— Crois-tu qu’il craigne pour moi l’émotion de le revoir, et juge indispensable de m’y préparer avec tant de précautions ?…

— Mais, » s’écria-t-elle, les nerfs soudain raffermis devant l’intention de cruel persiflage, « je n’interprète pas cette lettre dans un sens aussi offensant pour moi. Autrement, je n’en aurais même pas tenu compte, et l’aurais jetée sans seulement te la montrer.

— Oh ! » répliqua-t-il, « tu n’aurais pas fait cela. Les femmes sont trop friandes des occasions de franchise perfide, qui leur permettent de nous ennuyer un peu, tout en prenant d’héroïques attitudes.

— Qu’est-ce que tu veux dire ? » demanda Nicole.

Elle se tendait, maintenant, hostile, et le sang glacé. L’ironie dédaigneuse, et surtout l’exaspérante façon de généraliser, de la mettre dans le troupeau « des femmes », sans vouloir entrer dans le détail si personnel de sa propre sensibilité, la froissaient au point de suspendre tout ce qu’il y avait en elle d’intuitif, de doux, de compatissant, l’empêchaient de pressentir la réelle souffrance dont Raoul se trouvait soudain mordu, et que cet orgueilleux cachait sous l’injustice de son agression.

— « Ce que je veux dire… C’est que, si tu tiens absolument, Nicole, à ce que je m’occupe de tes affaires de cœur, tu me trouveras aujourd’hui moins naïf qu’autrefois.

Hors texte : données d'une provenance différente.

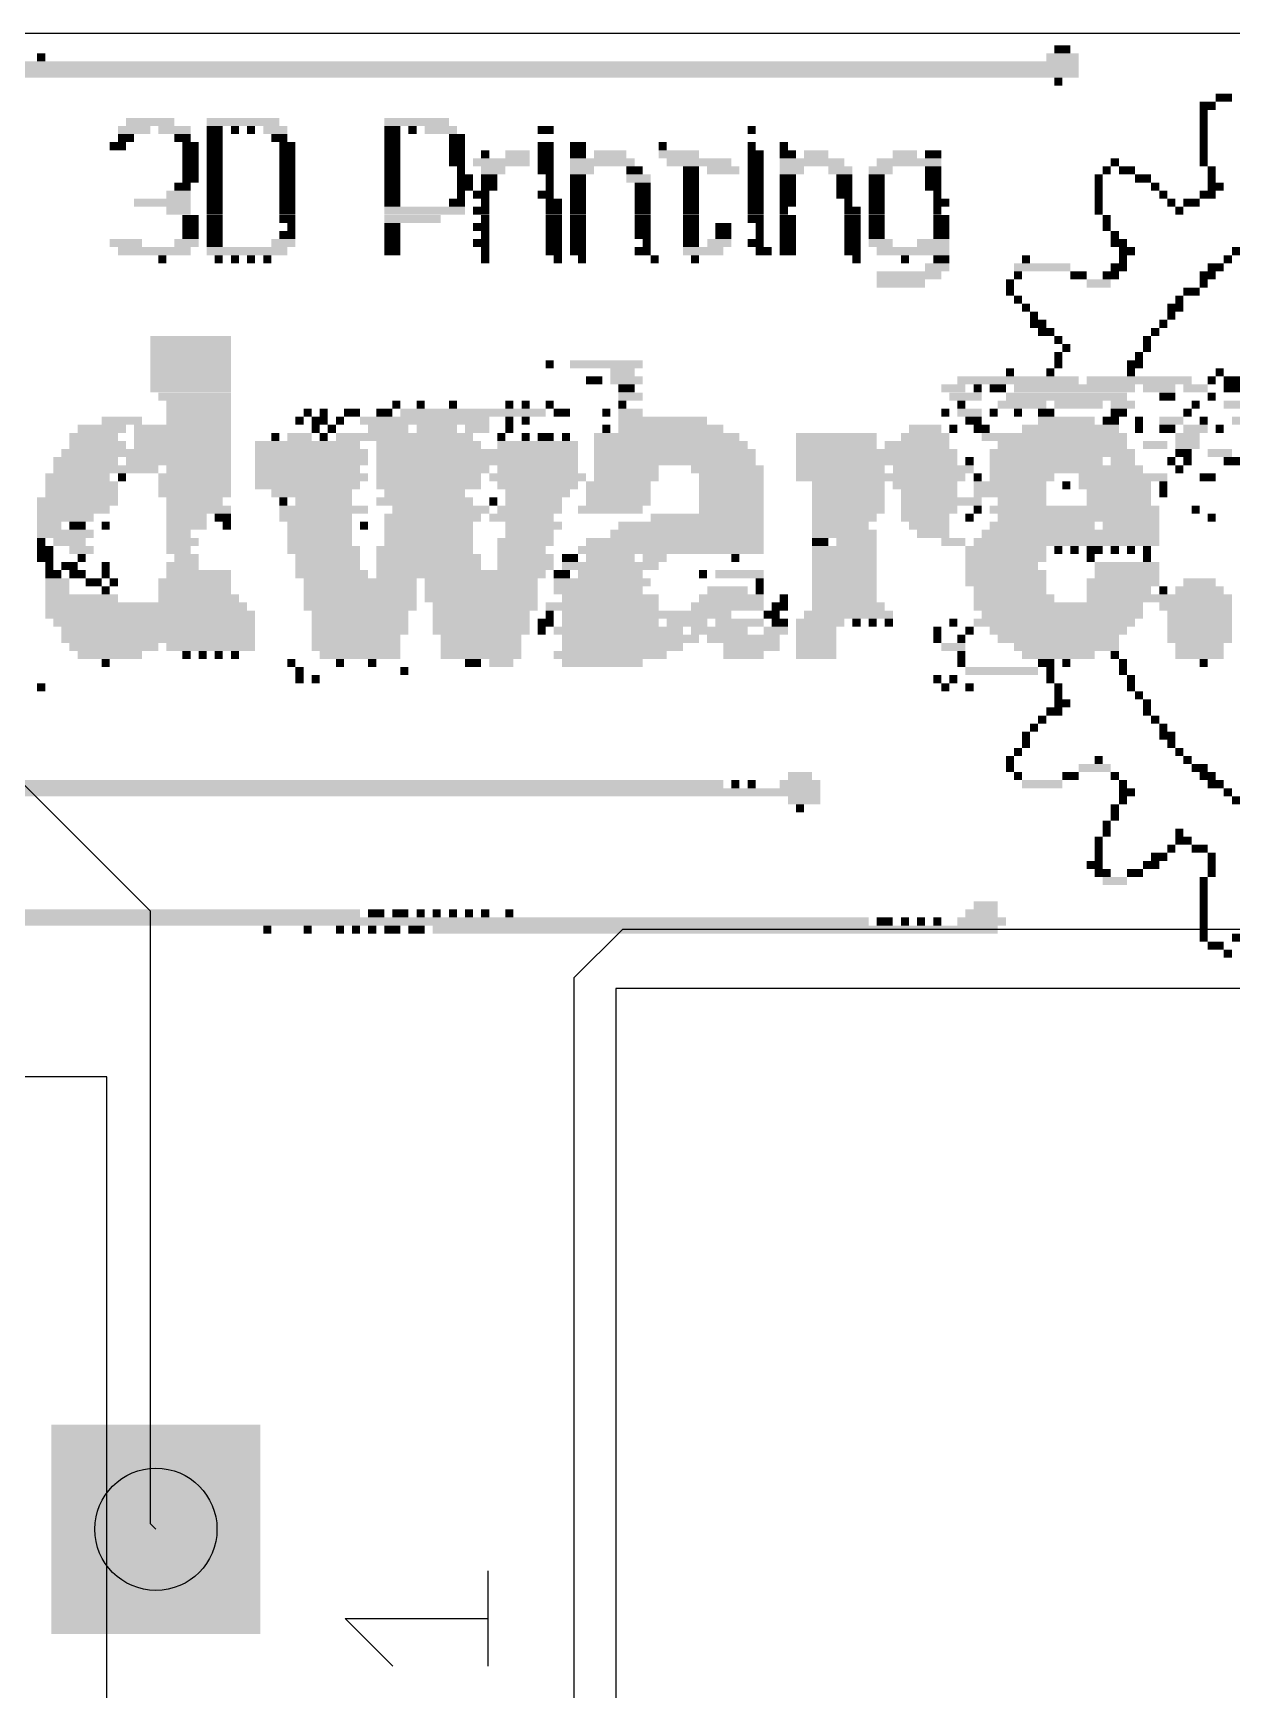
# Model space of a CAD drawing. Extents: x 103 to 286, y -140 to -65.
# Drawn here: x 267.33 to 277.14, y -109.24 to -95.69 of the extents above; entities that cross this region are included whole.
import ezdxf

# ---------------------------------------------------------------- set-up
doc = ezdxf.new("R2010")
doc.units = 0
for name, color, linetype in [('1', 82, 'CONTINUOUS'), ('16', 175, 'CONTINUOUS'), ('17', 2, 'CONTINUOUS'), ('21', 253, 'CONTINUOUS'), ('25', 253, 'CONTINUOUS'), ('29', 253, 'CONTINUOUS'), ('30', 253, 'CONTINUOUS'), ('44', 253, 'CONTINUOUS')]:
    doc.layers.add(name, color=color, linetype=linetype)

# ---------------------------------------------------------------- blocks, each defined once
blk = doc.blocks.new('RECT')
blk.add_solid([(-0.5, -0.5), (0.5, -0.5), (-0.5, 0.5), (0.5, 0.5)])
blk = doc.blocks.new('SQUAREP')
blk.add_solid([(-0.5, -0.5), (0.5, -0.5), (-0.5, 0.5), (0.5, 0.5)])

msp = doc.modelspace()

# ---------------------------------------------------------------- linework, layer by layer
at = {"layer": '1'}
for p, q in [((176.1947, -95.692), (281.8587, -95.692)), ((272.1508, -103.0224), (271.7546, -103.4186)), ((284.8305, -103.0224), (272.1508, -103.0224)), ((271.7546, -103.4186), (271.7546, -116.4285))]:
    msp.add_line(p, q, dxfattribs=at)
at = {"layer": '16'}
for p, q in [((267.0175, -101.6), (268.2875, -102.87)), ((268.2875, -102.87), (268.2875, -107.8798)), ((285.115, -103.505), (272.0975, -103.505)), ((272.0975, -103.505), (272.0975, -116.205)), ((268.2875, -107.8798), (268.3342, -107.9265))]:
    msp.add_line(p, q, dxfattribs=at)
at = {"layer": '21'}
for p, q in [((267.9343, -104.2265), (254.7343, -104.2265)), ((267.9343, -116.6265), (267.9343, -104.2265))]:
    msp.add_line(p, q, dxfattribs=at)
at = {"layer": '25'}
for p, q in [((271.0534, -109.0451), (271.0534, -108.2655)), ((270.2739, -109.0451), (269.8841, -108.6553)), ((269.8841, -108.6553), (271.0534, -108.6553))]:
    msp.add_line(p, q, dxfattribs=at)
at = {"layer": '44'}
msp.add_circle((268.3342, -107.9265), 0.5, dxfattribs=at)

# ---------------------------------------------------------------- block references
at = {"layer": '17', "xscale": 1.508, "yscale": 1.508, "rotation": 270}
msp.add_blockref('SQUAREP', (268.3342, -107.9265), dxfattribs=at)
msp.add_blockref('SQUAREP', (268.3342, -107.9265), dxfattribs=at)
at = {"layer": '21', "yscale": 0.066}
for p, xscale in [((267.396, -95.8901), 0.066), ((275.75, -95.8901), 0.2642), ((275.75, -95.824), 0.1321), ((265.2497, -95.9561), 21.2649), ((265.2497, -96.0222), 21.2649), ((275.717, -96.0882), 0.066), ((277.0708, -96.2203), 0.1321), ((276.9387, -96.2863), 0.1321), ((276.9057, -96.3524), 0.066), ((268.1554, -96.4844), 0.2642), ((268.2875, -96.4184), 0.3962), ((268.4856, -96.4844), 0.2642), ((269.047, -96.4184), 0.5944), ((268.8158, -96.4844), 0.1321), ((268.9809, -96.4844), 0.066), ((269.113, -96.4844), 0.066), ((269.3111, -96.4844), 0.1981), ((270.4668, -96.4184), 0.5283), ((270.2687, -96.4844), 0.1321), ((270.4338, -96.4844), 0.066), ((270.6649, -96.4844), 0.2642), ((271.5235, -96.4844), 0.1321), ((273.2075, -96.4844), 0.066), ((276.9057, -96.4184), 0.066), ((276.9057, -96.4844), 0.066), ((268.0233, -96.6165), 0.1321), ((268.0894, -96.5505), 0.1321), ((268.5517, -96.5505), 0.1321), ((268.6177, -96.6165), 0.1321), ((268.8158, -96.5505), 0.1321), ((268.8158, -96.6165), 0.1321), ((269.3441, -96.5505), 0.1321), ((269.4102, -96.6165), 0.1321), ((270.2687, -96.5505), 0.1321), ((270.2687, -96.6165), 0.1321), ((270.797, -96.5505), 0.1321), ((270.797, -96.6165), 0.1321), ((271.5235, -96.6165), 0.1321), ((271.7876, -96.6165), 0.1321), ((272.481, -96.6165), 0.066), ((273.2075, -96.6165), 0.066), ((273.4716, -96.6165), 0.066), ((276.9057, -96.5505), 0.066), ((276.9057, -96.6165), 0.066), ((268.6177, -96.6826), 0.1321), ((268.6177, -96.7486), 0.1321), ((268.8158, -96.6826), 0.1321), ((268.8158, -96.7486), 0.1321), ((269.4102, -96.6826), 0.1321), ((269.4102, -96.7486), 0.1321), ((270.2687, -96.6826), 0.1321), ((270.2687, -96.7486), 0.1321), ((270.797, -96.6826), 0.1321), ((270.797, -96.7486), 0.1321), ((271.1602, -96.7486), 0.4623), ((271.0282, -96.6826), 0.066), ((271.2923, -96.6826), 0.1981), ((271.5235, -96.6826), 0.1321), ((271.5235, -96.7486), 0.1321), ((271.7876, -96.6826), 0.1321), ((271.9857, -96.7486), 0.5283), ((272.0518, -96.6826), 0.2642), ((272.6131, -96.6826), 0.3302), ((272.7782, -96.7486), 0.5283), ((273.2405, -96.6826), 0.1321), ((273.2405, -96.7486), 0.1321), ((273.5047, -96.6826), 0.1321), ((273.7028, -96.7486), 0.5283), ((273.7358, -96.6826), 0.1981), ((274.4953, -96.7486), 0.5283), ((274.4622, -96.6826), 0.1981), ((274.6934, -96.6826), 0.1321), ((276.1793, -96.7486), 0.066), ((276.9057, -96.6826), 0.066), ((276.9057, -96.7486), 0.066), ((268.6177, -96.8146), 0.1321), ((268.6177, -96.8807), 0.1321), ((268.8158, -96.8146), 0.1321), ((268.8158, -96.8807), 0.1321), ((269.4102, -96.8146), 0.1321), ((269.4102, -96.8807), 0.1321), ((270.2687, -96.8146), 0.1321), ((270.2687, -96.8807), 0.1321), ((270.83, -96.8146), 0.066), ((270.8631, -96.8807), 0.1321), ((271.0612, -96.8807), 0.1321), ((271.0942, -96.8146), 0.1981), ((271.5235, -96.8146), 0.1321), ((271.5565, -96.8807), 0.066), ((271.7876, -96.8807), 0.1321), ((271.8206, -96.8146), 0.1981), ((272.2499, -96.8146), 0.1321), ((272.2829, -96.8807), 0.1981), ((272.7122, -96.8146), 0.1321), ((272.7122, -96.8807), 0.1321), ((272.9763, -96.8146), 0.2642), ((273.2405, -96.8146), 0.1321), ((273.2405, -96.8807), 0.1321), ((273.5377, -96.8146), 0.1981), ((273.5047, -96.8807), 0.1321), ((273.9339, -96.8146), 0.1981), ((273.9669, -96.8807), 0.1321), ((274.2641, -96.8146), 0.1981), ((274.2311, -96.8807), 0.1321), ((274.6934, -96.8146), 0.1321), ((274.6934, -96.8807), 0.1321), ((276.0472, -96.8807), 0.066), ((276.1132, -96.8146), 0.066), ((276.2783, -96.8146), 0.1321), ((276.4104, -96.8807), 0.1321), ((276.9718, -96.8146), 0.066), ((276.9718, -96.8807), 0.066), ((268.5186, -97.0128), 0.1981), ((268.5517, -96.9467), 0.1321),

— Toi, naïf !… » s’exclama-t-elle, si stupéfaite de l’expression qu’elle en perdit toute autre idée.

— « Parfaitement. Tu m’as fait jouer un rôle assez ridicule, il y a cinq ou six ans. Je t’aimais, j’ai eu l’air de tout croire, j’ai tout avalé, même les choses les plus pénibles et les plus invraisemblables. Tu me rendras cette justice que, lorsque la réflexion m’a mieux éclairé, je ne suis pas revenu là-dessus, je ne t’ai pas dit ma pensée, je ne t’ai adressé aucun reproche. Ce qui était fait, était fait. Ce qui était dit, était dit. J’ai traversé secrètement quelques mauvais quarts d’heure, en t’épargnant des récriminations inutiles. Mais aujourd’hui, c’est autre chose. Agis comme tu l’entendras, sans assaisonner tes petites machinations romanesques de ce piquant spectacle : la tête que je peux faire en écoutant des confidences superlativement désagréables pour moi. »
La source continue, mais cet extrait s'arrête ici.